The academy's nearly 140 graduates - who include Cerf and Tata - have come from a variety of professions.

The supply of qualified candidates may become an even larger issue. In a recent American Association of School Administrators survey, 52 percent of superintendents said they planned to retire within five years, association executive director Daniel Domenech said.

Financial adversity and distasteful tasks, such as cutting staff, have not made the job more attractive, he said, adding that he believed it was usually in a district's best interest to have someone with more than management credentials at the helm.

"It's like being hired to run a hospital and not knowing anything about medicine," Domenech said.

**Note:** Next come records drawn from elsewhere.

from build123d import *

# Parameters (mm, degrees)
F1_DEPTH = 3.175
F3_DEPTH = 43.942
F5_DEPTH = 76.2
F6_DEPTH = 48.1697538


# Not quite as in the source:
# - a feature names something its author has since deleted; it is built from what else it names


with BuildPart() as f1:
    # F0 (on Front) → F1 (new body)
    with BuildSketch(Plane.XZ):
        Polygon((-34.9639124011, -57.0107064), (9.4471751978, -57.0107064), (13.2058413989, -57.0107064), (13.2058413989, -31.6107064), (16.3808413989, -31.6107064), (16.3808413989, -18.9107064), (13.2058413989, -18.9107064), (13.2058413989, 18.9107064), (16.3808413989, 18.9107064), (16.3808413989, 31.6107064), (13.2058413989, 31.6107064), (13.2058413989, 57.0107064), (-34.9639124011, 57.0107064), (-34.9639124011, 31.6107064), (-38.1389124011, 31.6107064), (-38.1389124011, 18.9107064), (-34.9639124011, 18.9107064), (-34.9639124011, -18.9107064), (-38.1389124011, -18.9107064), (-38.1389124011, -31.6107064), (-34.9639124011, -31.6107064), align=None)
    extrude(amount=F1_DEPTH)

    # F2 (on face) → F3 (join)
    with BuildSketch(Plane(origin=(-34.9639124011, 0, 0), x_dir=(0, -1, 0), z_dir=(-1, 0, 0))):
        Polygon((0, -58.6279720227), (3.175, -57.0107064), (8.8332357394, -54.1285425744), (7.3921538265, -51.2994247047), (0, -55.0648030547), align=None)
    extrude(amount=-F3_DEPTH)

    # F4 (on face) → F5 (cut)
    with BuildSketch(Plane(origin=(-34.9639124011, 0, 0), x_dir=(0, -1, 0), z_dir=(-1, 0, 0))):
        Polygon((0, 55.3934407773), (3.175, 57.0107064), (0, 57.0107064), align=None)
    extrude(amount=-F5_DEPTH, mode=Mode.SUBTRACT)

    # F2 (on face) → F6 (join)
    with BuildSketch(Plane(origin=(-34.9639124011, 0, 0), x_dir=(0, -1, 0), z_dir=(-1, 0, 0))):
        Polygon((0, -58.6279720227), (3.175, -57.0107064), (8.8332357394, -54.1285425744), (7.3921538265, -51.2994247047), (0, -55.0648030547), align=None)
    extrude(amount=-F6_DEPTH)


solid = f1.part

Nontraditional hires may face a challenge establishing credibility with their workforce, said Robert Schwartz, academic dean of Harvard University's Graduate School of Education. The most successful, he said, work with a "topflight" academic officer and a strong leadership team.

Also crucial, he said, is the political skill to handle all interested parties, something that has curtailed the careers of some superintendents.

For Wake County's Tata, these are still the early days.

Teachers were apprehensive when he was hired, said Tama Bouncer, president of the county chapter of the North Carolina Association of Educators. But she noted that his first budget, as proposed, spared money spent in classrooms despite a projected cut in state aid.

Carolyn Morrison, a school board member and retired principal who did not support Tata's getting the job, has been pleasantly surprised.

"He's trying really hard," Morrison said. "He's open, and he's listening."

Tata likes to say he leads from the front. In Afghanistan, he kept a map, marking with pins the field operations he visited to see how his troops were faring. In his office now, he has a map with a pin on each school he has visited - 60 in eight weeks.

To Tata, the Army's job of training and developing soldiers has much in common with the district's mission.

The goal in Wake County, he said, is "training children to be the best they can be."